Whittaker et al argue that “any tool used in the criminal legal system must be thoroughly evaluated for its potential to perpetuate and/or increase, versus lessen, racial disparities.” This claim reflects (some) current sociopolitical attitudes, but appears to be ignorant of recent scientific literature (e.g., Hedden’s “On Statistical Criteria of Algorithmic Fairness”) on how “a number of intuitively attractive statistical criteria of fairness are not jointly satisfiable except in marginal cases” (p. 10).
This literature implies likely conflict between increasing decision accuracy in contexts where that supports norms of justice as fairness (e.g., bail decisions) versus ensuring some forms of justice as equality (e.g., equal false positive and negative rates between racial subgroups when their base rates or ambiguity levels differ). Under the universal laws of mathematics, you can’t have it all. (See my brief explanation of how this incompatibility stems from Bayes’ rule.)

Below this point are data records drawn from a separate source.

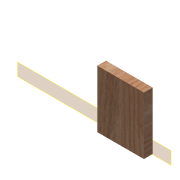
# Autodesk Inventor part: ControllerPlatform
Saved by Autodesk Inventor 2015 (Build 190159000, 159)
## iProperties
Created: 2014-08-03
Part Number: ControllerPlatform
Material: Wood (Birch)
Document SubType Name: Modeling
Designer: david
Density: 0.55 g/cm^3
Appearance: Birch - Natural Polished
Author: david
Autodesk Inventor part; units mm, degrees
ref_plane "YZ Plane" through (0, 0, 0) normal (1, 0, 0) x (0, 1, 0)
ref_plane "XZ Plane" through (0, 0, 0) normal (0, 1, 0) x (-1, 0, 0)
ref_plane "XY Plane" through (0, 0, 0) normal (0, 0, 1) x (1, 0, 0)
ref_plane "Work Plane1" through (0, 0, 0) normal (0, 0, 1) x (1, 0, 0)
sketch "Sketch1" plane through (0, 0, 0) normal (0, 0, 1) x (1, 0, 0)
  line L0 (127, -12.7) -> (25.4, -12.7)
  line L1 (25.4, -12.7) -> (25.4, 112.7506)
  line L2 (25.4, 112.7506) -> (127, 112.7506)
  line L3 (127, 112.7506) -> (127, -12.7)
  line L4 (152.4, -12.7) -> (-152.4, -12.7) projected
  circle A0 centre (133.35, 0) radius 3.175 projected
  circle A1 centre (-146.05, 0) radius 3.175 projected
  circle A2 centre (-133.35, 0) radius 3.175 projected
  circle A3 centre (146.05, 0) radius 3.175 projected
  line L5 (152.4, 12.7) -> (152.4, -12.7) projected
  line L6 (-152.4, 12.7) -> (152.4, 12.7) projected
  line L7 (-152.4, -12.7) -> (-152.4, 12.7) projected
  line L8 (152.4, -12.7) -> (-152.4, -12.7) projected
  circle A4 centre (133.35, 100.0506) radius 3.175 projected
  circle A5 centre (-146.05, 100.0506) radius 3.175 projected
  circle A6 centre (-133.35, 100.0506) radius 3.175 projected
  circle A7 centre (146.05, 100.0506) radius 3.175 projected
  line L9 (152.4, 112.7506) -> (152.4, 87.3506) projected
  line L10 (-152.4, 112.7506) -> (152.4, 112.7506) projected
  line L11 (-152.4, 87.3506) -> (-152.4, 112.7506) projected
  line L12 (152.4, 87.3506) -> (-152.4, 87.3506) projected
  line L13 (127, 12.6746) -> (127, -61.8239) projected
  point P0 (0, 0)
  dimension "d0" = 101.6
  constraints: 8 end point, 3 point on line, 2 parallel, 1 horizontal, 1 perpendicular
  measures "d0" distance of L0.start L0.end
extrude "Extrusion1" add sketch "Sketch1" along normal blind 19.05 contours L0 L1 L6 L3 | L1 L12 L3 L6 | L1 L2 L3 L12
body "Solid1"

In the end, however, Whittaker et al make the right practical point for the wrong reason: “We join with others’ calls to exclude polygraph evidence from the legal system entirely, which have focused on poor overall reliability and validity…” There are plenty of renowned scientists and professional polygraphers alike who would agree.
But the authors then go on to “contend that these issues are likely to be amplified for Black individuals who are already systemically disadvantaged by the criminal legal system.” The best available evidence is insufficient to establish or refute this claim.
Finitude
It is strategically unwise and tactically unnecessary to peg the success of forensic and other reforms to unproven bias charges. Researchers need to think hard about the terms we want to set in trying to contribute meaningfully to society. Advancing the scientific evidentiary basis of forensics in particular and policy in general arguably makes more sense than chasing subgroup effects.
In mathematical terms, bias research divides finite attention and other resources. If polygraphs are (or are not) biased against Blacks, then what about Hispanics? What about women? What about other out-groups?
In the bigger picture, is justice as equality the form of justice we most want to advance in our short lives, with our limited attentional and other resources? Might we instead care more about some other metric — like accuracy or efficacy? Given that we can’t have it all, is focusing on bias what we really want? What “we”?
This line of questioning invokes Isaiah Berlin’s concept of value pluralism. First principles can conflict, requiring prioritization. This prioritization is political. Scientists can’t claim to solve difficult ethical dilemmas for people who disagree, or to work outside our sociopolitical contexts in some kind of neutral bubble. Such a bubble does not exist.
Bias research, like axing its funding, is political. And that’s ok, as long as researchers know it. But it’s got to be evidence-based, too.